Developer Tools

PyTorch fixes SAC FIFO queue mismatch for inductor compiled code

A single shared queue caused wrong cached gradients, crashing DTensor training.

Deep Dive

PyTorch has patched a subtle bug in its Selective Activation Checkpointing (SAC) system that caused wrong cached values to be returned when using `wrap_inductor_compiled_regions=True`. The issue, tracked as #175258, occurred because all `inductor_compiled_code` Higher Order Operator (HOP) calls shared a single FIFO queue keyed only by the HOP identity. Under SAC, during the recompute phase, if a compiled region was skipped (e.g., due to a global cache hit), the queue returned the next cached output — but that output belonged to a different region, not the one actually executing. The mismatch caused `DTensor.__tensor_unflatten__` to fail with a `RuntimeError` because an int32 tensor (slot 1) was consumed in place of a float DTensor (slot 2), which crashed gradient computation.

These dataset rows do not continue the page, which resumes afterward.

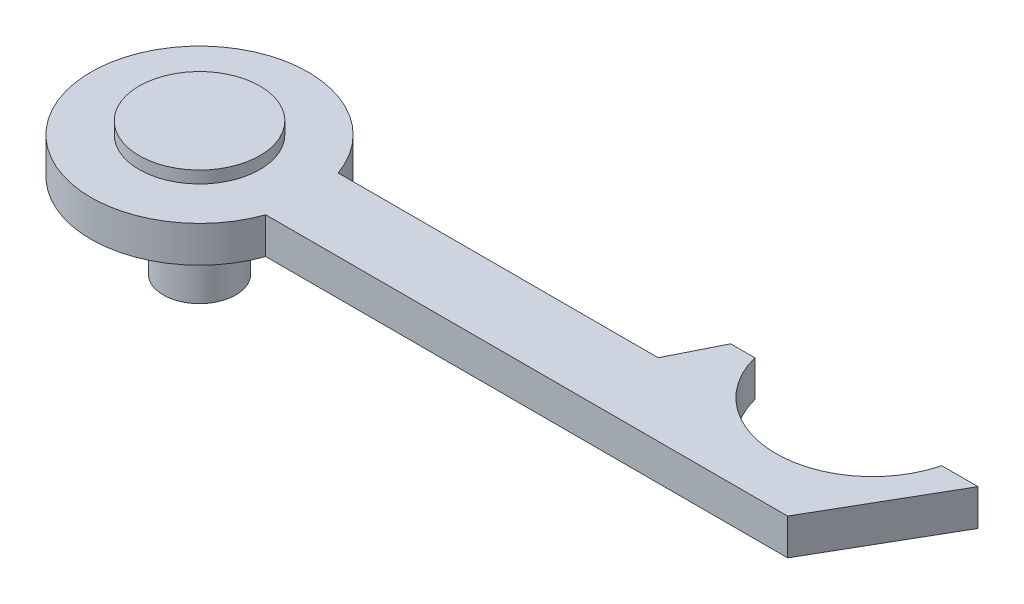
ISO-10303-21;
HEADER;
FILE_DESCRIPTION(('STEP AP214'),'2;1');
FILE_NAME('part.step','',(''),(''),'','','');
FILE_SCHEMA(('AUTOMOTIVE_DESIGN { 1 0 10303 214 1 1 1 1 }'));
ENDSEC;
DATA;
#1=APPLICATION_CONTEXT('core data for automotive mechanical design processes');
#2=APPLICATION_PROTOCOL_DEFINITION('international standard','automotive_design',2000,#1);
#3=PRODUCT_CONTEXT('',#1,'mechanical');
#4=PRODUCT('Part','Part','',(#3));
#5=PRODUCT_RELATED_PRODUCT_CATEGORY('part','',(#4));
#6=PRODUCT_DEFINITION_FORMATION('','',#4);
#7=PRODUCT_DEFINITION_CONTEXT('part definition',#1,'design');
#8=PRODUCT_DEFINITION('design','',#6,#7);
#9=PRODUCT_DEFINITION_SHAPE('','',#8);
#10=(LENGTH_UNIT() NAMED_UNIT(*) SI_UNIT(.MILLI.,.METRE.));
#11=(NAMED_UNIT(*) PLANE_ANGLE_UNIT() SI_UNIT($,.RADIAN.));
#12=(NAMED_UNIT(*) SI_UNIT($,.STERADIAN.) SOLID_ANGLE_UNIT());
#13=UNCERTAINTY_MEASURE_WITH_UNIT(LENGTH_MEASURE(1.E-05),#10,'distance_accuracy_value','');
#14=(GEOMETRIC_REPRESENTATION_CONTEXT(3) GLOBAL_UNCERTAINTY_ASSIGNED_CONTEXT((#13)) GLOBAL_UNIT_ASSIGNED_CONTEXT((#10,
#11,#12)) REPRESENTATION_CONTEXT('',''));
#15=CARTESIAN_POINT('',(0.,0.,0.));
#16=DIRECTION('',(0.,0.,1.));
#17=DIRECTION('',(1.,0.,0.));
#18=AXIS2_PLACEMENT_3D('',#15,#16,#17);
#19=CARTESIAN_POINT('',(0.,4.,0.));
#20=DIRECTION('',(0.,-1.,0.));
#21=DIRECTION('',(1.,0.,0.));
#22=AXIS2_PLACEMENT_3D('',#19,#20,#21);
#23=PLANE('',#22);
#24=CARTESIAN_POINT('',(0.,4.,0.));
#25=DIRECTION('',(0.,1.,0.));
#26=DIRECTION('',(-1.,0.,0.));
#27=AXIS2_PLACEMENT_3D('',#24,#25,#26);
#28=CIRCLE('',#27,5.);
#29=CARTESIAN_POINT('',(-5.,4.,0.));
#30=VERTEX_POINT('',#29);
#31=EDGE_CURVE('E11',#30,#30,#28,.T.);
#32=ORIENTED_EDGE('',*,*,#31,.T.);
#33=EDGE_LOOP('',(#32));
#34=FACE_BOUND('',#33,.T.);
#35=ADVANCED_FACE('F42',(#34),#23,.F.);
#36=CARTESIAN_POINT('',(0.,3.,0.));
#37=DIRECTION('',(0.,1.,0.));
#38=DIRECTION('',(-1.,0.,0.));
#39=AXIS2_PLACEMENT_3D('',#36,#37,#38);
#40=CYLINDRICAL_SURFACE('',#39,5.);
#41=ORIENTED_EDGE('',*,*,#31,.F.);
#42=EDGE_LOOP('',(#41));
#43=FACE_BOUND('',#42,.T.);
#44=CARTESIAN_POINT('',(0.,3.,0.));
#45=DIRECTION('',(0.,1.,0.));
#46=DIRECTION('',(-1.,0.,0.));
#47=AXIS2_PLACEMENT_3D('',#44,#45,#46);
#48=CIRCLE('',#47,5.);
#49=CARTESIAN_POINT('',(-5.,3.,0.));
#50=VERTEX_POINT('',#49);
#51=EDGE_CURVE('E48',#50,#50,#48,.T.);
#52=ORIENTED_EDGE('',*,*,#51,.T.);
#53=EDGE_LOOP('',(#52));
#54=FACE_BOUND('',#53,.T.);
#55=ADVANCED_FACE('F74',(#43,#54),#40,.T.);
#56=CARTESIAN_POINT('',(5.,3.,0.));
#57=DIRECTION('',(0.,1.,0.));
#58=DIRECTION('',(-1.,0.,0.));
#59=AXIS2_PLACEMENT_3D('',#56,#57,#58);
#60=PLANE('',#59);
#61=ORIENTED_EDGE('',*,*,#51,.F.);
#62=EDGE_LOOP('',(#61));
#63=FACE_BOUND('',#62,.T.);
#64=CARTESIAN_POINT('',(0.,3.,0.));
#65=DIRECTION('',(0.,1.,0.));
#66=DIRECTION('',(-1.,0.,0.));
#67=AXIS2_PLACEMENT_3D('',#64,#65,#66);
#68=CIRCLE('',#67,3.);
#69=CARTESIAN_POINT('',(-3.,3.,0.));
#70=VERTEX_POINT('',#69);
#71=EDGE_CURVE('E52',#70,#70,#68,.T.);
#72=ORIENTED_EDGE('',*,*,#71,.T.);
#73=EDGE_LOOP('',(#72));
#74=FACE_BOUND('',#73,.T.);
#75=ADVANCED_FACE('F70',(#63,#74),#60,.F.);
#76=CARTESIAN_POINT('',(0.,3.,0.));
#77=DIRECTION('',(0.,1.,0.));
#78=DIRECTION('',(-1.,0.,0.));
#79=AXIS2_PLACEMENT_3D('',#76,#77,#78);
#80=CYLINDRICAL_SURFACE('',#79,3.);
#81=ORIENTED_EDGE('',*,*,#71,.F.);
#82=EDGE_LOOP('',(#81));
#83=FACE_BOUND('',#82,.T.);
#84=CARTESIAN_POINT('',(0.,-7.,0.));
#85=DIRECTION('',(0.,1.,0.));
#86=DIRECTION('',(-1.,0.,0.));
#87=AXIS2_PLACEMENT_3D('',#84,#85,#86);
#88=CIRCLE('',#87,3.);
#89=CARTESIAN_POINT('',(-3.,-7.,0.));
#90=VERTEX_POINT('',#89);
#91=EDGE_CURVE('E56',#90,#90,#88,.T.);
#92=ORIENTED_EDGE('',*,*,#91,.T.);
#93=EDGE_LOOP('',(#92));
#94=FACE_BOUND('',#93,.T.);
#95=ADVANCED_FACE('F62',(#83,#94),#80,.T.);
#96=CARTESIAN_POINT('',(3.,-7.,0.));
#97=DIRECTION('',(0.,1.,0.));
#98=DIRECTION('',(-1.,0.,0.));
#99=AXIS2_PLACEMENT_3D('',#96,#97,#98);
#100=PLANE('',#99);
#101=ORIENTED_EDGE('',*,*,#91,.F.);
#102=EDGE_LOOP('',(#101));
#103=FACE_BOUND('',#102,.T.);
#104=ADVANCED_FACE('F64',(#103),#100,.F.);
#105=CLOSED_SHELL('',(#35,#55,#75,#95,#104));
#106=MANIFOLD_SOLID_BREP('B2',#105);
#107=CARTESIAN_POINT('',(0.,3.,0.));
#108=DIRECTION('',(0.,1.,0.));
#109=DIRECTION('',(0.,0.,1.));
#110=AXIS2_PLACEMENT_3D('',#107,#108,#109);
#111=PLANE('',#110);
#112=CARTESIAN_POINT('',(0.,3.,0.));
#113=DIRECTION('',(0.,1.,0.));
#114=DIRECTION('',(0.,0.,1.));
#115=AXIS2_PLACEMENT_3D('',#112,#113,#114);
#116=CIRCLE('',#115,9.);
#117=CARTESIAN_POINT('',(8.48528137423857,3.,-3.));
#118=VERTEX_POINT('',#117);
#119=CARTESIAN_POINT('',(8.48528137423857,3.,3.));
#120=VERTEX_POINT('',#119);
#121=EDGE_CURVE('E40',#118,#120,#116,.T.);
#122=ORIENTED_EDGE('',*,*,#121,.T.);
#123=DIRECTION('',(1.,0.,0.));
#124=VECTOR('',#123,1.);
#125=CARTESIAN_POINT('',(51.7184306929335,3.,3.));
#126=LINE('',#125,#124);
#127=CARTESIAN_POINT('',(51.7184306929335,3.,3.));
#128=VERTEX_POINT('',#127);
#129=EDGE_CURVE('E212',#120,#128,#126,.T.);
#130=ORIENTED_EDGE('',*,*,#129,.T.);
#131=DIRECTION('',(0.499999999999998,0.,-0.86602540378444));
#132=VECTOR('',#131,1.);
#133=CARTESIAN_POINT('',(57.4919333848297,3.,-7.));
#134=LINE('',#133,#132);
#135=CARTESIAN_POINT('',(57.4919333848297,3.,-7.));
#136=VERTEX_POINT('',#135);
#137=EDGE_CURVE('E215',#128,#136,#134,.T.);
#138=ORIENTED_EDGE('',*,*,#137,.T.);
#139=DIRECTION('',(-1.,0.,0.));
#140=VECTOR('',#139,1.);
#141=CARTESIAN_POINT('',(54.4919333848297,3.,-7.));
#142=LINE('',#141,#140);
#143=CARTESIAN_POINT('',(54.4919333848297,3.,-7.));
#144=VERTEX_POINT('',#143);
#145=EDGE_CURVE('E218',#136,#144,#142,.T.);
#146=ORIENTED_EDGE('',*,*,#145,.T.);
#147=CARTESIAN_POINT('',(46.7459666924148,3.,-9.));
#148=DIRECTION('',(0.,-1.,0.));
#149=DIRECTION('',(0.,0.,1.));
#150=AXIS2_PLACEMENT_3D('',#147,#148,#149);
#151=CIRCLE('',#150,8.);
#152=CARTESIAN_POINT('',(39.,3.,-7.));
#153=VERTEX_POINT('',#152);
#154=EDGE_CURVE('E221',#144,#153,#151,.T.);
#155=ORIENTED_EDGE('',*,*,#154,.T.);
#156=DIRECTION('',(-1.,0.,0.));
#157=VECTOR('',#156,1.);
#158=CARTESIAN_POINT('',(37.,3.,-7.));
#159=LINE('',#158,#157);
#160=CARTESIAN_POINT('',(37.,3.,-7.));
#161=VERTEX_POINT('',#160);
#162=EDGE_CURVE('E224',#153,#161,#159,.T.);
#163=ORIENTED_EDGE('',*,*,#162,.T.);
#164=DIRECTION('',(-0.447213595499958,0.,0.894427190999916));
#165=VECTOR('',#164,1.);
#166=CARTESIAN_POINT('',(35.,3.,-3.));
#167=LINE('',#166,#165);
#168=CARTESIAN_POINT('',(35.,3.,-3.));
#169=VERTEX_POINT('',#168);
#170=EDGE_CURVE('E188',#161,#169,#167,.T.);
#171=ORIENTED_EDGE('',*,*,#170,.T.);
#172=DIRECTION('',(-1.,0.,0.));
#173=VECTOR('',#172,1.);
#174=CARTESIAN_POINT('',(8.48528137423857,3.,-3.));
#175=LINE('',#174,#173);
#176=EDGE_CURVE('E126',#169,#118,#175,.T.);
#177=ORIENTED_EDGE('',*,*,#176,.T.);
#178=EDGE_LOOP('',(#122,#130,#138,#146,#155,#163,#171,#177));
#179=FACE_BOUND('',#178,.T.);
#180=CARTESIAN_POINT('',(0.,3.,0.));
#181=DIRECTION('',(0.,1.,0.));
#182=DIRECTION('',(0.,0.,1.));
#183=AXIS2_PLACEMENT_3D('',#180,#181,#182);
#184=CIRCLE('',#183,3.);
#185=CARTESIAN_POINT('',(0.,3.,3.));
#186=VERTEX_POINT('',#185);
#187=EDGE_CURVE('E241',#186,#186,#184,.T.);
#188=ORIENTED_EDGE('',*,*,#187,.F.);
#189=EDGE_LOOP('',(#188));
#190=FACE_BOUND('',#189,.T.);
#191=ADVANCED_FACE('F112',(#179,#190),#111,.T.);
#192=CARTESIAN_POINT('',(0.,0.,0.));
#193=DIRECTION('',(0.,1.,0.));
#194=DIRECTION('',(0.,0.,1.));
#195=AXIS2_PLACEMENT_3D('',#192,#193,#194);
#196=PLANE('',#195);
#197=CARTESIAN_POINT('',(0.,0.,0.));
#198=DIRECTION('',(0.,1.,0.));
#199=DIRECTION('',(0.,0.,1.));
#200=AXIS2_PLACEMENT_3D('',#197,#198,#199);
#201=CIRCLE('',#200,9.);
#202=CARTESIAN_POINT('',(8.48528137423857,0.,-3.));
#203=VERTEX_POINT('',#202);
#204=CARTESIAN_POINT('',(8.48528137423857,0.,3.));
#205=VERTEX_POINT('',#204);
#206=EDGE_CURVE('E116',#203,#205,#201,.T.);
#207=ORIENTED_EDGE('',*,*,#206,.F.);
#208=DIRECTION('',(-1.,0.,0.));
#209=VECTOR('',#208,1.);
#210=CARTESIAN_POINT('',(8.48528137423857,0.,-3.));
#211=LINE('',#210,#209);
#212=CARTESIAN_POINT('',(35.,0.,-3.));
#213=VERTEX_POINT('',#212);
#214=EDGE_CURVE('E134',#213,#203,#211,.T.);
#215=ORIENTED_EDGE('',*,*,#214,.F.);
#216=DIRECTION('',(-0.447213595499958,0.,0.894427190999916));
#217=VECTOR('',#216,1.);
#218=CARTESIAN_POINT('',(35.,0.,-3.));
#219=LINE('',#218,#217);
#220=CARTESIAN_POINT('',(37.,0.,-7.));
#221=VERTEX_POINT('',#220);
#222=EDGE_CURVE('E187',#221,#213,#219,.T.);
#223=ORIENTED_EDGE('',*,*,#222,.F.);
#224=DIRECTION('',(-1.,0.,0.));
#225=VECTOR('',#224,1.);
#226=CARTESIAN_POINT('',(37.,0.,-7.));
#227=LINE('',#226,#225);
#228=CARTESIAN_POINT('',(39.,0.,-7.));
#229=VERTEX_POINT('',#228);
#230=EDGE_CURVE('E201',#229,#221,#227,.T.);
#231=ORIENTED_EDGE('',*,*,#230,.F.);
#232=CARTESIAN_POINT('',(46.7459666924148,0.,-9.));
#233=DIRECTION('',(0.,-1.,0.));
#234=DIRECTION('',(0.,0.,1.));
#235=AXIS2_PLACEMENT_3D('',#232,#233,#234);
#236=CIRCLE('',#235,8.);
#237=CARTESIAN_POINT('',(54.4919333848297,0.,-7.));
#238=VERTEX_POINT('',#237);
#239=EDGE_CURVE('E205',#238,#229,#236,.T.);
#240=ORIENTED_EDGE('',*,*,#239,.F.);
#241=DIRECTION('',(-1.,0.,0.));
#242=VECTOR('',#241,1.);
#243=CARTESIAN_POINT('',(54.4919333848297,0.,-7.));
#244=LINE('',#243,#242);
#245=CARTESIAN_POINT('',(57.4919333848297,0.,-7.));
#246=VERTEX_POINT('',#245);
#247=EDGE_CURVE('E207',#246,#238,#244,.T.);
#248=ORIENTED_EDGE('',*,*,#247,.F.);
#249=DIRECTION('',(0.499999999999998,0.,-0.86602540378444));
#250=VECTOR('',#249,1.);
#251=CARTESIAN_POINT('',(57.4919333848297,0.,-7.));
#252=LINE('',#251,#250);
#253=CARTESIAN_POINT('',(51.7184306929335,0.,3.));
#254=VERTEX_POINT('',#253);
#255=EDGE_CURVE('E271',#254,#246,#252,.T.);
#256=ORIENTED_EDGE('',*,*,#255,.F.);
#257=DIRECTION('',(1.,0.,0.));
#258=VECTOR('',#257,1.);
#259=CARTESIAN_POINT('',(51.7184306929335,0.,3.));
#260=LINE('',#259,#258);
#261=EDGE_CURVE('E228',#205,#254,#260,.T.);
#262=ORIENTED_EDGE('',*,*,#261,.F.);
#263=EDGE_LOOP('',(#207,#215,#223,#231,#240,#248,#256,#262));
#264=FACE_BOUND('',#263,.T.);
#265=CARTESIAN_POINT('',(0.,0.,0.));
#266=DIRECTION('',(0.,1.,0.));
#267=DIRECTION('',(0.,0.,1.));
#268=AXIS2_PLACEMENT_3D('',#265,#266,#267);
#269=CIRCLE('',#268,3.);
#270=CARTESIAN_POINT('',(0.,0.,3.));
#271=VERTEX_POINT('',#270);
#272=EDGE_CURVE('E231',#271,#271,#269,.T.);
#273=ORIENTED_EDGE('',*,*,#272,.T.);
#274=EDGE_LOOP('',(#273));
#275=FACE_BOUND('',#274,.T.);
#276=ADVANCED_FACE('F198',(#264,#275),#196,.F.);
#277=CARTESIAN_POINT('',(0.,3.,0.));
#278=DIRECTION('',(0.,-1.,0.));
#279=DIRECTION('',(0.,0.,-1.));
#280=AXIS2_PLACEMENT_3D('',#277,#278,#279);
#281=CYLINDRICAL_SURFACE('',#280,9.);
#282=ORIENTED_EDGE('',*,*,#121,.F.);
#283=DIRECTION('',(0.,1.,0.));
#284=VECTOR('',#283,1.);
#285=CARTESIAN_POINT('',(8.48528137423857,0.,-3.));
#286=LINE('',#285,#284);
#287=EDGE_CURVE('E229',#203,#118,#286,.T.);
#288=ORIENTED_EDGE('',*,*,#287,.F.);
#289=ORIENTED_EDGE('',*,*,#206,.T.);
#290=DIRECTION('',(0.,1.,0.));
#291=VECTOR('',#290,1.);
#292=CARTESIAN_POINT('',(8.48528137423857,0.,3.));
#293=LINE('',#292,#291);
#294=EDGE_CURVE('E170',#205,#120,#293,.T.);
#295=ORIENTED_EDGE('',*,*,#294,.T.);
#296=EDGE_LOOP('',(#282,#288,#289,#295));
#297=FACE_BOUND('',#296,.T.);
#298=ADVANCED_FACE('F114',(#297),#281,.T.);
#299=CARTESIAN_POINT('',(0.,3.,0.));
#300=DIRECTION('',(0.,-1.,0.));
#301=DIRECTION('',(0.,0.,-1.));
#302=AXIS2_PLACEMENT_3D('',#299,#300,#301);
#303=CYLINDRICAL_SURFACE('',#302,3.);
#304=ORIENTED_EDGE('',*,*,#187,.T.);
#305=EDGE_LOOP('',(#304));
#306=FACE_BOUND('',#305,.T.);
#307=ORIENTED_EDGE('',*,*,#272,.F.);
#308=EDGE_LOOP('',(#307));
#309=FACE_BOUND('',#308,.T.);
#310=ADVANCED_FACE('F247',(#306,#309),#303,.F.);
#311=CARTESIAN_POINT('',(8.48528137423857,0.,-3.));
#312=DIRECTION('',(0.,0.,-1.));
#313=DIRECTION('',(-1.,0.,0.));
#314=AXIS2_PLACEMENT_3D('',#311,#312,#313);
#315=PLANE('',#314);
#316=ORIENTED_EDGE('',*,*,#176,.F.);
#317=DIRECTION('',(0.,1.,0.));
#318=VECTOR('',#317,1.);
#319=CARTESIAN_POINT('',(35.,0.,-3.));
#320=LINE('',#319,#318);
#321=EDGE_CURVE('E163',#213,#169,#320,.T.);
#322=ORIENTED_EDGE('',*,*,#321,.F.);
#323=ORIENTED_EDGE('',*,*,#214,.T.);
#324=ORIENTED_EDGE('',*,*,#287,.T.);
#325=EDGE_LOOP('',(#316,#322,#323,#324));
#326=FACE_BOUND('',#325,.T.);
#327=ADVANCED_FACE('F249',(#326),#315,.T.);
#328=CARTESIAN_POINT('',(35.,0.,-3.));
#329=DIRECTION('',(-0.894427190999916,0.,-0.447213595499958));
#330=DIRECTION('',(-0.447213595499958,0.,0.894427190999916));
#331=AXIS2_PLACEMENT_3D('',#328,#329,#330);
#332=PLANE('',#331);
#333=ORIENTED_EDGE('',*,*,#170,.F.);
#334=DIRECTION('',(0.,1.,0.));
#335=VECTOR('',#334,1.);
#336=CARTESIAN_POINT('',(37.,0.,-7.));
#337=LINE('',#336,#335);
#338=EDGE_CURVE('E184',#221,#161,#337,.T.);
#339=ORIENTED_EDGE('',*,*,#338,.F.);
#340=ORIENTED_EDGE('',*,*,#222,.T.);
#341=ORIENTED_EDGE('',*,*,#321,.T.);
#342=EDGE_LOOP('',(#333,#339,#340,#341));
#343=FACE_BOUND('',#342,.T.);
#344=ADVANCED_FACE('F186',(#343),#332,.T.);
#345=CARTESIAN_POINT('',(37.,0.,-7.));
#346=DIRECTION('',(0.,0.,-1.));
#347=DIRECTION('',(-1.,0.,0.));
#348=AXIS2_PLACEMENT_3D('',#345,#346,#347);
#349=PLANE('',#348);
#350=ORIENTED_EDGE('',*,*,#162,.F.);
#351=DIRECTION('',(0.,1.,0.));
#352=VECTOR('',#351,1.);
#353=CARTESIAN_POINT('',(39.,0.,-7.));
#354=LINE('',#353,#352);
#355=EDGE_CURVE('E193',#229,#153,#354,.T.);
#356=ORIENTED_EDGE('',*,*,#355,.F.);
#357=ORIENTED_EDGE('',*,*,#230,.T.);
#358=ORIENTED_EDGE('',*,*,#338,.T.);
#359=EDGE_LOOP('',(#350,#356,#357,#358));
#360=FACE_BOUND('',#359,.T.);
#361=ADVANCED_FACE('F204',(#360),#349,.T.);
#362=CARTESIAN_POINT('',(46.7459666924148,0.,-9.));
#363=DIRECTION('',(0.,1.,0.));
#364=DIRECTION('',(0.,0.,1.));
#365=AXIS2_PLACEMENT_3D('',#362,#363,#364);
#366=CYLINDRICAL_SURFACE('',#365,8.);
#367=ORIENTED_EDGE('',*,*,#154,.F.);
#368=DIRECTION('',(0.,1.,0.));
#369=VECTOR('',#368,1.);
#370=CARTESIAN_POINT('',(54.4919333848297,0.,-7.));
#371=LINE('',#370,#369);
#372=EDGE_CURVE('E234',#238,#144,#371,.T.);
#373=ORIENTED_EDGE('',*,*,#372,.F.);
#374=ORIENTED_EDGE('',*,*,#239,.T.);
#375=ORIENTED_EDGE('',*,*,#355,.T.);
#376=EDGE_LOOP('',(#367,#373,#374,#375));
#377=FACE_BOUND('',#376,.T.);
#378=ADVANCED_FACE('F291',(#377),#366,.F.);
#379=CARTESIAN_POINT('',(54.4919333848297,0.,-7.));
#380=DIRECTION('',(0.,0.,-1.));
#381=DIRECTION('',(-1.,0.,0.));
#382=AXIS2_PLACEMENT_3D('',#379,#380,#381);
#383=PLANE('',#382);
#384=ORIENTED_EDGE('',*,*,#145,.F.);
#385=DIRECTION('',(0.,1.,0.));
#386=VECTOR('',#385,1.);
#387=CARTESIAN_POINT('',(57.4919333848297,0.,-7.));
#388=LINE('',#387,#386);
#389=EDGE_CURVE('E236',#246,#136,#388,.T.);
#390=ORIENTED_EDGE('',*,*,#389,.F.);
#391=ORIENTED_EDGE('',*,*,#247,.T.);
#392=ORIENTED_EDGE('',*,*,#372,.T.);
#393=EDGE_LOOP('',(#384,#390,#391,#392));
#394=FACE_BOUND('',#393,.T.);
#395=ADVANCED_FACE('F277',(#394),#383,.T.);
#396=CARTESIAN_POINT('',(57.4919333848297,0.,-7.));
#397=DIRECTION('',(0.86602540378444,0.,0.499999999999998));
#398=DIRECTION('',(0.499999999999998,0.,-0.86602540378444));
#399=AXIS2_PLACEMENT_3D('',#396,#397,#398);
#400=PLANE('',#399);
#401=ORIENTED_EDGE('',*,*,#137,.F.);
#402=DIRECTION('',(0.,1.,0.));
#403=VECTOR('',#402,1.);
#404=CARTESIAN_POINT('',(51.7184306929335,0.,3.));
#405=LINE('',#404,#403);
#406=EDGE_CURVE('E238',#254,#128,#405,.T.);
#407=ORIENTED_EDGE('',*,*,#406,.F.);
#408=ORIENTED_EDGE('',*,*,#255,.T.);
#409=ORIENTED_EDGE('',*,*,#389,.T.);
#410=EDGE_LOOP('',(#401,#407,#408,#409));
#411=FACE_BOUND('',#410,.T.);
#412=ADVANCED_FACE('F281',(#411),#400,.T.);
#413=CARTESIAN_POINT('',(51.7184306929335,0.,3.));
#414=DIRECTION('',(0.,0.,1.));
#415=DIRECTION('',(1.,0.,0.));
#416=AXIS2_PLACEMENT_3D('',#413,#414,#415);
#417=PLANE('',#416);
#418=ORIENTED_EDGE('',*,*,#129,.F.);
#419=ORIENTED_EDGE('',*,*,#294,.F.);
#420=ORIENTED_EDGE('',*,*,#261,.T.);
#421=ORIENTED_EDGE('',*,*,#406,.T.);
#422=EDGE_LOOP('',(#418,#419,#420,#421));
#423=FACE_BOUND('',#422,.T.);
#424=ADVANCED_FACE('F282',(#423),#417,.T.);
#425=CLOSED_SHELL('',(#191,#276,#298,#310,#327,#344,#361,#378,#395,#412,#424));
#426=MANIFOLD_SOLID_BREP('B6',#425);
#427=ADVANCED_BREP_SHAPE_REPRESENTATION('',(#18,#106,#426),#14);
#428=SHAPE_DEFINITION_REPRESENTATION(#9,#427);
ENDSEC;
END-ISO-10303-21;

The root cause was straightforward: SAC's internal cache used `defaultdict(list)` keyed by `func`, so all `inductor_compiled_code` calls — regardless of which wrapped function they represented — collapsed into one list. During forward passes, entries were appended in order; during recompute, `list.pop(0)` was called per region execution. When a region was skipped, its corresponding `pop` never happened, so the queue became misaligned for the remaining regions. The fix, committed by aorenste, introduces `_sac_storage_key(func, args)` in `torch/utils/checkpoint.py`. For `inductor_compiled_code`, it returns `(func, callable.idx)` to give each compiled region its own queue; for all other ops, it returns the original `func`. This ensures that skipping one region during recompute doesn't corrupt another region's FIFO queue. A regression test (`test_sac_cached_value_fifo_mismatch`) was added to `test/dynamo/test_wrap_inductor_compiled_regions.py` to prevent future recurrences.

Key Points
  • All `inductor_compiled_code` calls shared one FIFO queue keyed only by HOP identity, causing wrong cached values when a region was skipped during SAC recompute.
  • Fix adds `_sac_storage_key()` that creates separate queues per callable by including `callable.idx` as part of the key.
  • Resolves `RuntimeError: Only Tensors of floating point and complex dtype can require gradients` in DTensor training with gradient checkpointing and compiled mode.

Why It Matters

Enables correct gradient checkpointing in compiled PyTorch, preventing crashes in distributed training workflows.